WASHINGTON -- A drugmaker behind what’s been dubbed a potential “female Viagra” says the Food and Drug Administration is demanding more studies on whether the experimental pill is linked to side effects.
The drug, called flibanserin, aims to treat hypoactive sexual desire disorder (HSDD) in premenopausal women. HSDD is defined as a recurrent lack of interest in sex that causes personal distress, according to the Mayo Clinic.
Drugmaker Sprout Pharmaceuticals said Tuesday that the FDA wants to see more data on how flibanserin interacts with other medications and how it affects driving ability. Almost 10 percent of women studied in company trials reported sleepiness while taking the daily pill.
The FDA's request represents another hurdle in the pharmaceutical industry's 15-year search for a female equivalent to Viagra.

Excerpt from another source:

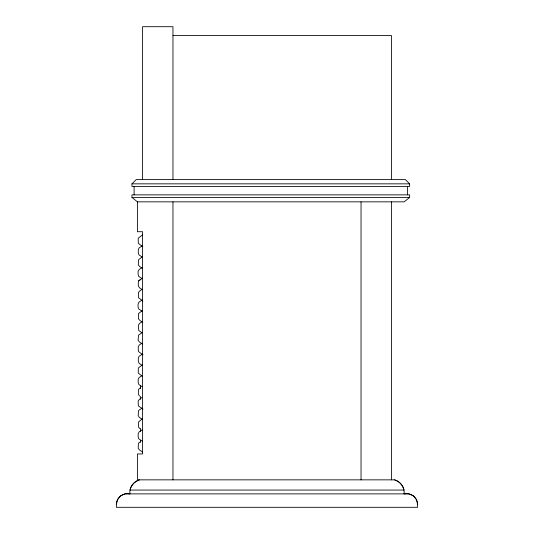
<?xml version="1.0" encoding="UTF-8"?>
<svg xmlns="http://www.w3.org/2000/svg" width="534" height="534" viewBox="0 0 534 534"><rect width="100%" height="100%" fill="white"/><g stroke="black" fill="none" stroke-linecap="round" stroke-linejoin="round"><path stroke-width="0.8" d="M142.511 278.207L138.733 280.757L138.306 282.873L138.306 285.817L139.401 287.699L142.498 289.795M116.372 504.517L117.48 499.731L120.584 495.926L125.049 493.877L408.951 493.877L413.416 495.926L416.52 499.731L417.628 504.517L417.628 507.3L116.372 507.3L116.372 504.517A10.86 10.86 0 0 1 129.956 494.003C128.994 487.716 133.5 481.641 139.441 479.852L394.559 479.852C400.5 481.641 405.006 487.716 404.044 494.003A10.86 10.86 0 0 1 417.628 504.517M131.965 183.843L136.25 179.558L405.353 179.558L409.638 183.843L409.638 186.406L131.965 186.406L131.965 183.843L409.638 183.843M140.395 387.784L138.707 389.173L138.379 391.369L138.379 394.286L139.548 396.081M409.638 197.447L404.158 201.845L137.445 201.845L131.965 197.447L131.965 194.857L409.638 194.857L409.638 197.447L131.965 197.447M140.068 441.965L138.399 443.287L138.219 448.36L139.588 450.008L142.611 452.058M142.665 234.706L138.233 238.251L138.233 241.208L138.339 243.33L142.838 246.748M142.298 245.767L139.08 247.95L138.293 249.932L138.293 252.876L139.027 254.932L142.264 257.121M142.358 256.827L138.586 259.671L138.293 264.777L139.528 266.439L142.571 268.502M141.764 267.748L139.234 269.463L138.106 271.185L138.106 274.189L138.566 276.218L141.984 278.528M142.157 289.274L139.801 290.87L138.406 292.559L138.493 297.678L142.878 301.049M142.164 300.015L138.86 302.251L138.066 304.153L138.066 307.17L138.873 309.059L142.171 311.289M142.271 310.614L138.46 313.618L138.406 318.738L139.835 320.407L142.765 322.389M142.478 321.475L139.374 323.577L138.313 325.48L138.767 330.533L142.104 332.789M141.977 332.775L138.56 335.092L138.112 340.131L139.254 341.847L142.404 343.976M141.931 343.195L139.481 344.851L138.266 346.526L138.266 349.476L138.586 351.626L143.065 354.903M142.251 354.149L139.007 356.345L138.306 358.421L138.306 361.358L139.12 363.34L142.324 365.503M142.244 364.929L138.339 367.979L138.253 373.066L142.685 376.583M141.63 375.856L139.047 377.605L138.166 379.46L138.166 382.444L138.847 384.473L142.157 386.709M141.937 397.53L139.487 399.185L138.206 400.907L138.206 403.878L138.48 405.967L142.992 409.104M142.057 408.136L138.686 410.419L138.146 415.412L139.187 417.268L142.364 419.417M142.211 418.83L138.486 422.04L138.54 427.18L140.021 428.755M142.311 429.77L139.1 431.939L138.159 433.855L138.159 436.839L138.787 438.814L142.117 441.071M138.733 280.757L140.509 279.562M139.441 479.852L137.445 480.24L137.445 453.953L142.558 453.953L142.558 231.709L137.445 231.709L137.445 201.845M172.963 35.538L391.442 35.538L391.442 179.558M407.489 186.406L407.489 194.857M391.442 201.845L391.442 479.852M361.037 201.845L361.037 479.852M172.963 179.558L172.963 26.7L142.558 26.7L142.558 179.558M172.963 201.845L172.963 479.852M140.562 385.421L140.562 388.645M140.562 396.321L140.562 399.499M140.562 428.582L140.562 431.318M140.562 440.497L140.562 442.326M134.107 186.406L134.107 194.857M138.747 480.079A13.584 13.584 0 0 0 129.956 490.065L404.044 490.065A13.584 13.584 0 0 0 394.559 479.852"/></g></svg>

But in a news release, Sprout Pharmaceuticals President Cindy Whitehead described the development as a "significant step toward the approval of flibanserin." The three studies requested by the FDA are relatively small, involving 25 to 50 patients each. The company says it plans to resubmit its drug application to FDA in the third quarter.
The company based in Raleigh, N.C., said in December that it had reached an "impasse" with regulators after the agency issued a second rejection letter on the drug. The company filed a formal dispute over the agency's decision, which prompted the FDA's latest request for additional studies.
If approved, Sprout's daily pill would be the first drug for women who report a lack of sexual desire, a market that drugmakers have been trying to tap since the blockbuster success of Viagra for men in the late 1990s. While earlier drugs worked on hormone levels, flibanserin is the first attempt to increase sexual desire by acting on brain chemicals that affect appetite and mood.
The race to develop a female libido booster was once dominated by multinational companies like Viagra-maker Pfizer Inc. and Procter & Gamble, but today the space mainly consists of tiny startups. Sprout Pharmaceuticals, led by a husband and wife team, acquired flibanserin from Boehringer Ingelheim in 2011, after the German conglomerate abandoned development following an FDA rejection letter. Boehringer studies showed that women taking the drug reported only a modest uptick in "sexually satisfying events."
The FDA's initial rejection followed a 2010 meeting where a panel of expert advisers unanimously voted against the drug, citing its lackluster effectiveness and side effects such as fatigue, dizziness and nausea.
Since that rejection, the company added 14 new clinical studies with data on more than 3,000 new patients for its re-submitted application. In total, more than 11,000 women have tried out the drug.
Whitehead expressed confidence Tuesday that the drug would get approved in light of the FDA’s latest response.
“We are committed to working closely with the Agency to finally provide premenopausal women affected by HSDD with a medical treatment option,” she said in the statement.
Even if the FDA eventually approves flibanserin, Sprout will have to convince doctors to prescribe the drug for a condition that is still viewed with some skepticism.
Because so many factors affect female sexual appetite, there are a number of other possible causes doctors must rule out before diagnosing the condition, including relationship problems, hormone disorders, depression and mood issues caused by other drugs like sleeping aids and pain medications.